Thanks, for both the compliment and the sentiment.
no subject
Date: 2005-05-30 01:20 am (UTC)I think you're right about waiting until Origins. But I think that you should be the one to approach him. I feel like it means more to the other person that way. Then again, he may not want to be approached, so I dunno.
I really don't think that he will ask people to see him and then specify that they not tell you about it. I also don't think that the people he would ask to come see him would do that even if he asked.

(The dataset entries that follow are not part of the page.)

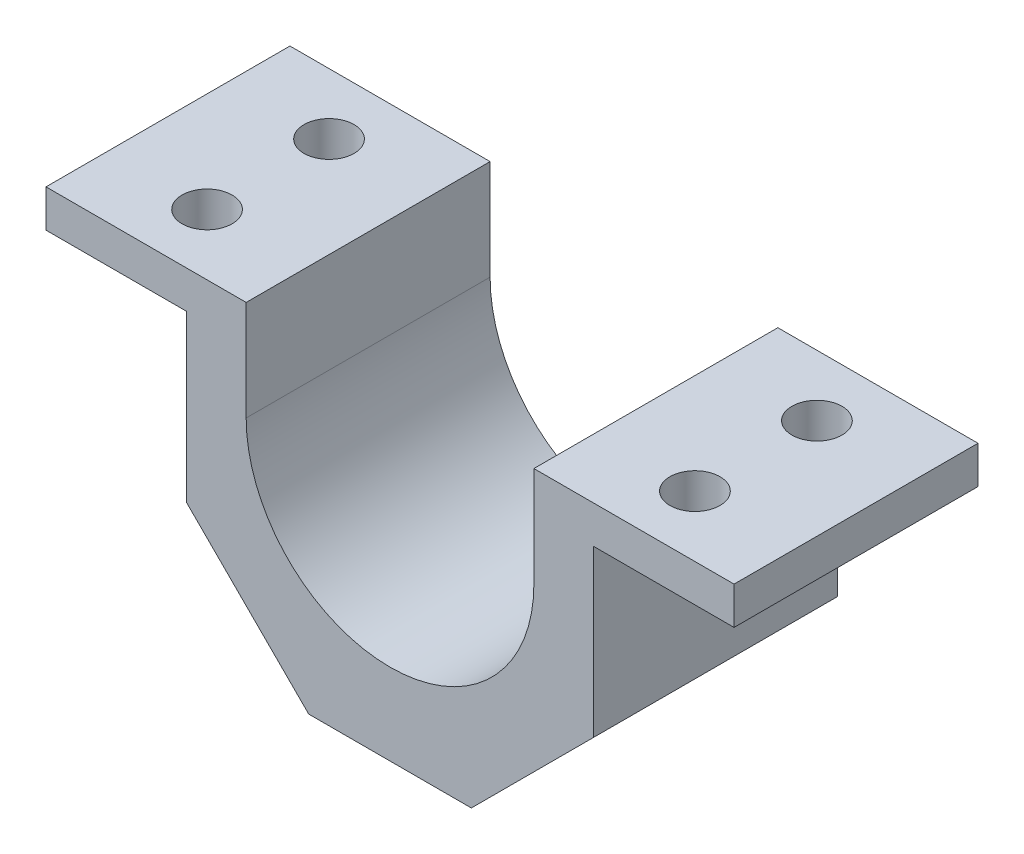
ISO-10303-21;
HEADER;
FILE_DESCRIPTION(('STEP AP214'),'2;1');
FILE_NAME('part.step','',(''),(''),'','','');
FILE_SCHEMA(('AUTOMOTIVE_DESIGN { 1 0 10303 214 1 1 1 1 }'));
ENDSEC;
DATA;
#1=APPLICATION_CONTEXT('core data for automotive mechanical design processes');
#2=APPLICATION_PROTOCOL_DEFINITION('international standard','automotive_design',2000,#1);
#3=PRODUCT_CONTEXT('',#1,'mechanical');
#4=PRODUCT('Part','Part','',(#3));
#5=PRODUCT_RELATED_PRODUCT_CATEGORY('part','',(#4));
#6=PRODUCT_DEFINITION_FORMATION('','',#4);
#7=PRODUCT_DEFINITION_CONTEXT('part definition',#1,'design');
#8=PRODUCT_DEFINITION('design','',#6,#7);
#9=PRODUCT_DEFINITION_SHAPE('','',#8);
#10=(LENGTH_UNIT() NAMED_UNIT(*) SI_UNIT(.MILLI.,.METRE.));
#11=(NAMED_UNIT(*) PLANE_ANGLE_UNIT() SI_UNIT($,.RADIAN.));
#12=(NAMED_UNIT(*) SI_UNIT($,.STERADIAN.) SOLID_ANGLE_UNIT());
#13=UNCERTAINTY_MEASURE_WITH_UNIT(LENGTH_MEASURE(1.E-05),#10,'distance_accuracy_value','');
#14=(GEOMETRIC_REPRESENTATION_CONTEXT(3) GLOBAL_UNCERTAINTY_ASSIGNED_CONTEXT((#13)) GLOBAL_UNIT_ASSIGNED_CONTEXT((#10,
#11,#12)) REPRESENTATION_CONTEXT('',''));
#15=CARTESIAN_POINT('',(0.,0.,0.));
#16=DIRECTION('',(0.,0.,1.));
#17=DIRECTION('',(1.,0.,0.));
#18=AXIS2_PLACEMENT_3D('',#15,#16,#17);
#19=CARTESIAN_POINT('',(-55.,16.,39.));
#20=DIRECTION('',(0.,-1.,0.));
#21=DIRECTION('',(0.,0.,-1.));
#22=AXIS2_PLACEMENT_3D('',#19,#20,#21);
#23=PLANE('',#22);
#24=CARTESIAN_POINT('',(-39.,16.,9.75));
#25=DIRECTION('',(0.,1.,0.));
#26=DIRECTION('',(0.,0.,1.));
#27=AXIS2_PLACEMENT_3D('',#24,#25,#26);
#28=CIRCLE('',#27,4.00000000000001);
#29=CARTESIAN_POINT('',(-39.,16.,13.75));
#30=VERTEX_POINT('',#29);
#31=EDGE_CURVE('E282',#30,#30,#28,.T.);
#32=ORIENTED_EDGE('',*,*,#31,.F.);
#33=EDGE_LOOP('',(#32));
#34=FACE_BOUND('',#33,.T.);
#35=DIRECTION('',(-1.,0.,0.));
#36=VECTOR('',#35,1.);
#37=CARTESIAN_POINT('',(-55.,16.,0.));
#38=LINE('',#37,#36);
#39=CARTESIAN_POINT('',(-23.,16.,0.));
#40=VERTEX_POINT('',#39);
#41=CARTESIAN_POINT('',(-55.,16.,0.));
#42=VERTEX_POINT('',#41);
#43=EDGE_CURVE('E182',#40,#42,#38,.T.);
#44=ORIENTED_EDGE('',*,*,#43,.T.);
#45=DIRECTION('',(0.,0.,-1.));
#46=VECTOR('',#45,1.);
#47=CARTESIAN_POINT('',(-55.,16.,39.));
#48=LINE('',#47,#46);
#49=CARTESIAN_POINT('',(-55.,16.,39.));
#50=VERTEX_POINT('',#49);
#51=EDGE_CURVE('E11',#50,#42,#48,.T.);
#52=ORIENTED_EDGE('',*,*,#51,.F.);
#53=DIRECTION('',(-1.,0.,0.));
#54=VECTOR('',#53,1.);
#55=CARTESIAN_POINT('',(-55.,16.,39.));
#56=LINE('',#55,#54);
#57=CARTESIAN_POINT('',(-23.,16.,39.));
#58=VERTEX_POINT('',#57);
#59=EDGE_CURVE('E222',#58,#50,#56,.T.);
#60=ORIENTED_EDGE('',*,*,#59,.F.);
#61=DIRECTION('',(0.,0.,-1.));
#62=VECTOR('',#61,1.);
#63=CARTESIAN_POINT('',(-23.,16.,39.));
#64=LINE('',#63,#62);
#65=EDGE_CURVE('E179',#58,#40,#64,.T.);
#66=ORIENTED_EDGE('',*,*,#65,.T.);
#67=EDGE_LOOP('',(#44,#52,#60,#66));
#68=FACE_BOUND('',#67,.T.);
#69=CARTESIAN_POINT('',(-39.,16.,29.25));
#70=DIRECTION('',(0.,1.,0.));
#71=DIRECTION('',(0.,0.,1.));
#72=AXIS2_PLACEMENT_3D('',#69,#70,#71);
#73=CIRCLE('',#72,4.00000000000001);
#74=CARTESIAN_POINT('',(-39.,16.,33.25));
#75=VERTEX_POINT('',#74);
#76=EDGE_CURVE('E352',#75,#75,#73,.F.);
#77=ORIENTED_EDGE('',*,*,#76,.T.);
#78=EDGE_LOOP('',(#77));
#79=FACE_BOUND('',#78,.T.);
#80=ADVANCED_FACE('F44',(#34,#68,#79),#23,.F.);
#81=CARTESIAN_POINT('',(-55.,10.,39.));
#82=DIRECTION('',(0.,1.,0.));
#83=DIRECTION('',(0.,0.,1.));
#84=AXIS2_PLACEMENT_3D('',#81,#82,#83);
#85=PLANE('',#84);
#86=CARTESIAN_POINT('',(-39.,10.,9.75));
#87=DIRECTION('',(0.,1.,0.));
#88=DIRECTION('',(0.,0.,1.));
#89=AXIS2_PLACEMENT_3D('',#86,#87,#88);
#90=CIRCLE('',#89,4.00000000000001);
#91=CARTESIAN_POINT('',(-39.,10.,13.75));
#92=VERTEX_POINT('',#91);
#93=EDGE_CURVE('E262',#92,#92,#90,.T.);
#94=ORIENTED_EDGE('',*,*,#93,.T.);
#95=EDGE_LOOP('',(#94));
#96=FACE_BOUND('',#95,.T.);
#97=DIRECTION('',(1.,0.,0.));
#98=VECTOR('',#97,1.);
#99=CARTESIAN_POINT('',(-55.,10.,0.));
#100=LINE('',#99,#98);
#101=CARTESIAN_POINT('',(-55.,10.,0.));
#102=VERTEX_POINT('',#101);
#103=CARTESIAN_POINT('',(-32.5,10.,0.));
#104=VERTEX_POINT('',#103);
#105=EDGE_CURVE('E192',#102,#104,#100,.T.);
#106=ORIENTED_EDGE('',*,*,#105,.T.);
#107=DIRECTION('',(0.,0.,-1.));
#108=VECTOR('',#107,1.);
#109=CARTESIAN_POINT('',(-32.5,10.,39.));
#110=LINE('',#109,#108);
#111=CARTESIAN_POINT('',(-32.5,10.,39.));
#112=VERTEX_POINT('',#111);
#113=EDGE_CURVE('E260',#112,#104,#110,.T.);
#114=ORIENTED_EDGE('',*,*,#113,.F.);
#115=DIRECTION('',(1.,0.,0.));
#116=VECTOR('',#115,1.);
#117=CARTESIAN_POINT('',(-55.,10.,39.));
#118=LINE('',#117,#116);
#119=CARTESIAN_POINT('',(-55.,10.,39.));
#120=VERTEX_POINT('',#119);
#121=EDGE_CURVE('E287',#120,#112,#118,.T.);
#122=ORIENTED_EDGE('',*,*,#121,.F.);
#123=DIRECTION('',(0.,0.,-1.));
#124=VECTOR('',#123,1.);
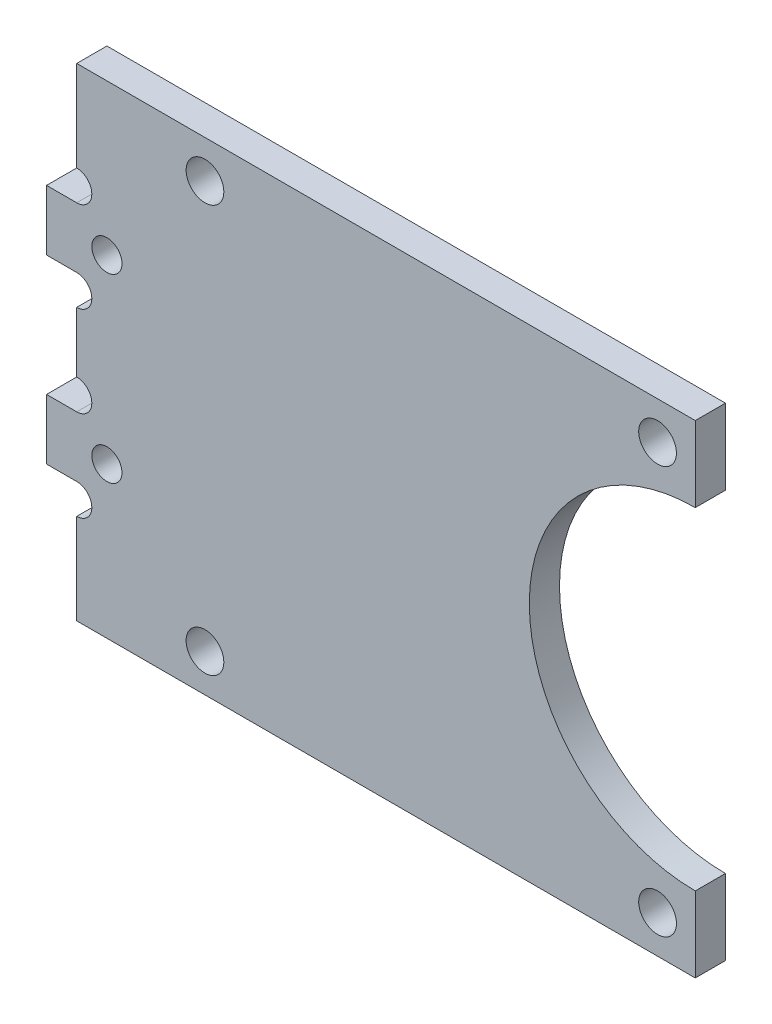
ISO-10303-21;
HEADER;
FILE_DESCRIPTION(('STEP AP214'),'2;1');
FILE_NAME('part.step','',(''),(''),'','','');
FILE_SCHEMA(('AUTOMOTIVE_DESIGN { 1 0 10303 214 1 1 1 1 }'));
ENDSEC;
DATA;
#1=APPLICATION_CONTEXT('core data for automotive mechanical design processes');
#2=APPLICATION_PROTOCOL_DEFINITION('international standard','automotive_design',2000,#1);
#3=PRODUCT_CONTEXT('',#1,'mechanical');
#4=PRODUCT('Part','Part','',(#3));
#5=PRODUCT_RELATED_PRODUCT_CATEGORY('part','',(#4));
#6=PRODUCT_DEFINITION_FORMATION('','',#4);
#7=PRODUCT_DEFINITION_CONTEXT('part definition',#1,'design');
#8=PRODUCT_DEFINITION('design','',#6,#7);
#9=PRODUCT_DEFINITION_SHAPE('','',#8);
#10=(LENGTH_UNIT() NAMED_UNIT(*) SI_UNIT(.MILLI.,.METRE.));
#11=(NAMED_UNIT(*) PLANE_ANGLE_UNIT() SI_UNIT($,.RADIAN.));
#12=(NAMED_UNIT(*) SI_UNIT($,.STERADIAN.) SOLID_ANGLE_UNIT());
#13=UNCERTAINTY_MEASURE_WITH_UNIT(LENGTH_MEASURE(1.E-05),#10,'distance_accuracy_value','');
#14=(GEOMETRIC_REPRESENTATION_CONTEXT(3) GLOBAL_UNCERTAINTY_ASSIGNED_CONTEXT((#13)) GLOBAL_UNIT_ASSIGNED_CONTEXT((#10,
#11,#12)) REPRESENTATION_CONTEXT('',''));
#15=CARTESIAN_POINT('',(0.,0.,0.));
#16=DIRECTION('',(0.,0.,1.));
#17=DIRECTION('',(1.,0.,0.));
#18=AXIS2_PLACEMENT_3D('',#15,#16,#17);
#19=CARTESIAN_POINT('',(15.2837868020581,10.1625,2.));
#20=DIRECTION('',(-1.,0.,0.));
#21=DIRECTION('',(0.,-1.,0.));
#22=AXIS2_PLACEMENT_3D('',#19,#20,#21);
#23=PLANE('',#22);
#24=DIRECTION('',(0.,1.,0.));
#25=VECTOR('',#24,1.);
#26=CARTESIAN_POINT('',(15.2837868020581,10.1625,2.));
#27=LINE('',#26,#25);
#28=CARTESIAN_POINT('',(15.2837868020581,5.1625,2.));
#29=VERTEX_POINT('',#28);
#30=CARTESIAN_POINT('',(15.2837868020581,10.1625,2.));
#31=VERTEX_POINT('',#30);
#32=EDGE_CURVE('E55',#29,#31,#27,.T.);
#33=ORIENTED_EDGE('',*,*,#32,.F.);
#34=DIRECTION('',(0.,0.,-1.));
#35=VECTOR('',#34,1.);
#36=CARTESIAN_POINT('',(15.2837868020581,5.1625,2.));
#37=LINE('',#36,#35);
#38=CARTESIAN_POINT('',(15.2837868020581,5.1625,0.));
#39=VERTEX_POINT('',#38);
#40=EDGE_CURVE('E320',#29,#39,#37,.T.);
#41=ORIENTED_EDGE('',*,*,#40,.T.);
#42=DIRECTION('',(0.,1.,0.));
#43=VECTOR('',#42,1.);
#44=CARTESIAN_POINT('',(15.2837868020581,10.1625,0.));
#45=LINE('',#44,#43);
#46=CARTESIAN_POINT('',(15.2837868020581,10.1625,0.));
#47=VERTEX_POINT('',#46);
#48=EDGE_CURVE('E114',#39,#47,#45,.T.);
#49=ORIENTED_EDGE('',*,*,#48,.T.);
#50=DIRECTION('',(0.,0.,-1.));
#51=VECTOR('',#50,1.);
#52=CARTESIAN_POINT('',(15.2837868020581,10.1625,2.));
#53=LINE('',#52,#51);
#54=EDGE_CURVE('E192',#31,#47,#53,.T.);
#55=ORIENTED_EDGE('',*,*,#54,.F.);
#56=EDGE_LOOP('',(#33,#41,#49,#55));
#57=FACE_BOUND('',#56,.T.);
#58=ADVANCED_FACE('F32',(#57),#23,.F.);
#59=CARTESIAN_POINT('',(-25.7162131979419,3.1625,2.));
#60=DIRECTION('',(0.,0.,1.));
#61=DIRECTION('',(1.,0.,0.));
#62=AXIS2_PLACEMENT_3D('',#59,#60,#61);
#63=PLANE('',#62);
#64=CARTESIAN_POINT('',(15.2837868020581,-5.8375,2.));
#65=DIRECTION('',(0.,0.,-1.));
#66=DIRECTION('',(1.,0.,0.));
#67=AXIS2_PLACEMENT_3D('',#64,#65,#66);
#68=CIRCLE('',#67,11.);
#69=CARTESIAN_POINT('',(15.2837868020581,-16.8375,2.));
#70=VERTEX_POINT('',#69);
#71=EDGE_CURVE('E47',#70,#29,#68,.T.);
#72=ORIENTED_EDGE('',*,*,#71,.T.);
#73=ORIENTED_EDGE('',*,*,#32,.T.);
#74=DIRECTION('',(-1.,0.,0.));
#75=VECTOR('',#74,1.);
#76=CARTESIAN_POINT('',(-17.2162131979419,10.1625,2.));
#77=LINE('',#76,#75);
#78=CARTESIAN_POINT('',(-25.7162131979419,10.1625,2.));
#79=VERTEX_POINT('',#78);
#80=EDGE_CURVE('E119',#31,#79,#77,.T.);
#81=ORIENTED_EDGE('',*,*,#80,.T.);
#82=DIRECTION('',(0.,-1.,0.));
#83=VECTOR('',#82,1.);
#84=CARTESIAN_POINT('',(-25.7162131979419,10.1625,2.));
#85=LINE('',#84,#83);
#86=CARTESIAN_POINT('',(-25.7162131979419,4.1625,2.));
#87=VERTEX_POINT('',#86);
#88=EDGE_CURVE('E368',#79,#87,#85,.T.);
#89=ORIENTED_EDGE('',*,*,#88,.T.);
#90=CARTESIAN_POINT('',(-25.7162131979419,3.1625,2.));
#91=DIRECTION('',(0.,0.,-1.));
#92=DIRECTION('',(1.,0.,0.));
#93=AXIS2_PLACEMENT_3D('',#90,#91,#92);
#94=CIRCLE('',#93,1.);
#95=CARTESIAN_POINT('',(-25.7162131979419,2.1625,2.));
#96=VERTEX_POINT('',#95);
#97=EDGE_CURVE('E265',#87,#96,#94,.T.);
#98=ORIENTED_EDGE('',*,*,#97,.T.);
#99=DIRECTION('',(-1.,0.,0.));
#100=VECTOR('',#99,1.);
#101=CARTESIAN_POINT('',(-25.7162131979419,2.1625,2.));
#102=LINE('',#101,#100);
#103=CARTESIAN_POINT('',(-27.7162131979419,2.1625,2.));
#104=VERTEX_POINT('',#103);
#105=EDGE_CURVE('E287',#96,#104,#102,.T.);
#106=ORIENTED_EDGE('',*,*,#105,.T.);
#107=DIRECTION('',(0.,-1.,0.));
#108=VECTOR('',#107,1.);
#109=CARTESIAN_POINT('',(-27.7162131979419,2.1625,2.));
#110=LINE('',#109,#108);
#111=CARTESIAN_POINT('',(-27.7162131979419,-1.8375,2.));
#112=VERTEX_POINT('',#111);
#113=EDGE_CURVE('E284',#104,#112,#110,.T.);
#114=ORIENTED_EDGE('',*,*,#113,.T.);
#115=DIRECTION('',(1.,0.,0.));
#116=VECTOR('',#115,1.);
#117=CARTESIAN_POINT('',(-25.7162131979419,-1.8375,2.));
#118=LINE('',#117,#116);
#119=CARTESIAN_POINT('',(-25.7162131979419,-1.8375,2.));
#120=VERTEX_POINT('',#119);
#121=EDGE_CURVE('E286',#112,#120,#118,.T.);
#122=ORIENTED_EDGE('',*,*,#121,.T.);
#123=CARTESIAN_POINT('',(-25.7162131979419,-2.8375,2.));
#124=DIRECTION('',(0.,0.,-1.));
#125=DIRECTION('',(-1.,0.,0.));
#126=AXIS2_PLACEMENT_3D('',#123,#124,#125);
#127=CIRCLE('',#126,1.);
#128=CARTESIAN_POINT('',(-25.7162131979419,-3.8375,2.));
#129=VERTEX_POINT('',#128);
#130=EDGE_CURVE('E289',#120,#129,#127,.T.);
#131=ORIENTED_EDGE('',*,*,#130,.T.);
#132=DIRECTION('',(0.,-1.,0.));
#133=VECTOR('',#132,1.);
#134=CARTESIAN_POINT('',(-25.7162131979419,-3.8375,2.));
#135=LINE('',#134,#133);
#136=CARTESIAN_POINT('',(-25.7162131979419,-7.8375,2.));
#137=VERTEX_POINT('',#136);
#138=EDGE_CURVE('E295',#129,#137,#135,.T.);
#139=ORIENTED_EDGE('',*,*,#138,.T.);
#140=CARTESIAN_POINT('',(-25.7162131979419,-8.8375,2.));
#141=DIRECTION('',(0.,0.,-1.));
#142=DIRECTION('',(1.,0.,0.));
#143=AXIS2_PLACEMENT_3D('',#140,#141,#142);
#144=CIRCLE('',#143,1.);
#145=CARTESIAN_POINT('',(-25.7162131979419,-9.8375,2.));
#146=VERTEX_POINT('',#145);
#147=EDGE_CURVE('E297',#137,#146,#144,.T.);
#148=ORIENTED_EDGE('',*,*,#147,.T.);
#149=DIRECTION('',(-1.,0.,0.));
#150=VECTOR('',#149,1.);
#151=CARTESIAN_POINT('',(-25.7162131979419,-9.8375,2.));
#152=LINE('',#151,#150);
#153=CARTESIAN_POINT('',(-27.7162131979419,-9.8375,2.));
#154=VERTEX_POINT('',#153);
#155=EDGE_CURVE('E299',#146,#154,#152,.T.);
#156=ORIENTED_EDGE('',*,*,#155,.T.);
#157=DIRECTION('',(0.,-1.,0.));
#158=VECTOR('',#157,1.);
#159=CARTESIAN_POINT('',(-27.7162131979419,-9.8375,2.));
#160=LINE('',#159,#158);
#161=CARTESIAN_POINT('',(-27.7162131979419,-13.8375,2.));
#162=VERTEX_POINT('',#161);
#163=EDGE_CURVE('E301',#154,#162,#160,.T.);
#164=ORIENTED_EDGE('',*,*,#163,.T.);
#165=DIRECTION('',(1.,0.,0.));
#166=VECTOR('',#165,1.);
#167=CARTESIAN_POINT('',(-25.7162131979419,-13.8375,2.));
#168=LINE('',#167,#166);
#169=CARTESIAN_POINT('',(-25.7162131979419,-13.8375,2.));
#170=VERTEX_POINT('',#169);
#171=EDGE_CURVE('E303',#162,#170,#168,.T.);
#172=ORIENTED_EDGE('',*,*,#171,.T.);
#173=CARTESIAN_POINT('',(-25.7162131979419,-14.8375,2.));
#174=DIRECTION('',(0.,0.,-1.));
#175=DIRECTION('',(-1.,0.,0.));
#176=AXIS2_PLACEMENT_3D('',#173,#174,#175);
#177=CIRCLE('',#176,0.999999999999999);
#178=CARTESIAN_POINT('',(-25.7162131979419,-15.8375,2.));
#179=VERTEX_POINT('',#178);
#180=EDGE_CURVE('E169',#170,#179,#177,.T.);
#181=ORIENTED_EDGE('',*,*,#180,.T.);
#182=DIRECTION('',(0.,-1.,0.));
#183=VECTOR('',#182,1.);
#184=CARTESIAN_POINT('',(-25.7162131979419,-15.8375,2.));
#185=LINE('',#184,#183);
#186=CARTESIAN_POINT('',(-25.7162131979419,-21.8375,2.));
#187=VERTEX_POINT('',#186);
#188=EDGE_CURVE('E160',#179,#187,#185,.T.);
#189=ORIENTED_EDGE('',*,*,#188,.T.);
#190=DIRECTION('',(1.,0.,0.));
#191=VECTOR('',#190,1.);
#192=CARTESIAN_POINT('',(-19.7162131979419,-21.8375,2.));
#193=LINE('',#192,#191);
#194=CARTESIAN_POINT('',(15.2837868020581,-21.8375,2.));
#195=VERTEX_POINT('',#194);
#196=EDGE_CURVE('E166',#187,#195,#193,.T.);
#197=ORIENTED_EDGE('',*,*,#196,.T.);
#198=EDGE_CURVE('E188',#195,#70,#27,.T.);
#199=ORIENTED_EDGE('',*,*,#198,.T.);
#200=EDGE_LOOP('',(#72,#73,#81,#89,#98,#106,#114,#122,#131,#139,#148,#156,#164,#172,#181,#189,
#197,#199));
#201=FACE_BOUND('',#200,.T.);
#202=CARTESIAN_POINT('',(-23.7162131979419,-11.8375,2.));
#203=DIRECTION('',(0.,0.,1.));
#204=DIRECTION('',(1.,0.,0.));
#205=AXIS2_PLACEMENT_3D('',#202,#203,#204);
#206=CIRCLE('',#205,1.);
#207=CARTESIAN_POINT('',(-22.7162131979419,-11.8375,2.));
#208=VERTEX_POINT('',#207);
#209=EDGE_CURVE('E339',#208,#208,#206,.T.);
#210=ORIENTED_EDGE('',*,*,#209,.F.);
#211=EDGE_LOOP('',(#210));
#212=FACE_BOUND('',#211,.T.);
#213=CARTESIAN_POINT('',(12.7837868020581,7.6625,2.));
#214=DIRECTION('',(0.,0.,1.));
#215=DIRECTION('',(1.,0.,0.));
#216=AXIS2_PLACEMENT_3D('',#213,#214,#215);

No matter what happens, I give hugs and sympathy. I've spent one Origins hiding in a hotel room and avoiding the world, I don't want for someone else to feel like they need to do that. Heck, I'll even make hourly check-ins, if you need me to.
no subject
Date: 2005-05-30 01:42 am (UTC)Upon reflection, yeah. I think you are correct in that I should approach him. But I'm not going to seek out his game to talk to him, because I think it's a little rude for me to intrude on his space like that without invitation. But if I see him around, I will approach him. I'm not going to hide from Origins over this, though. But thanks for the concern.
no subject
Date: 2005-05-30 03:46 pm (UTC)As for approaching/not approaching, I think you are right about not seeking him out, but if you run into him in the Lab or in the exhibit hall or something, that would be a place to start things rolling.
And the hugs and sympathy offer still stands. OK, so the hugs offer is an open one for whenever.
no subject
Date: 2005-05-30 05:51 am (UTC)I misses you muchly!! I don't think I'm going to get to go to Origins this year. I think I'm going to end up having to stay home and take care of things around here or ::gasp:: work. Best of luck though! I hope everything works out for you.
no subject
Date: 2005-05-30 03:38 pm (UTC)no subject
Date: 2005-05-31 05:51 am (UTC)There will be people looking out for you. I'll be one of them :)
And, with any luck, something positive could happen
Thoughts
Date: 2005-05-31 07:08 am (UTC)It is predicated on some five years of growth -- which you must believe and expect that Erskin will have undergone, as well.
Z
P.S.: How did you find out that Erskin is coming, one wonders?
P.P.S.:
Date: 2005-05-31 07:11 am (UTC)no subject
Date: 2005-05-31 01:36 pm (UTC)Secondly, I think you've changed quite a bit since the last time you saw him, for the better. I hope that he gives you and himself chance enough to discover that, because I think he'd like who you are now. If he doesn't, though, the loss will be largely his.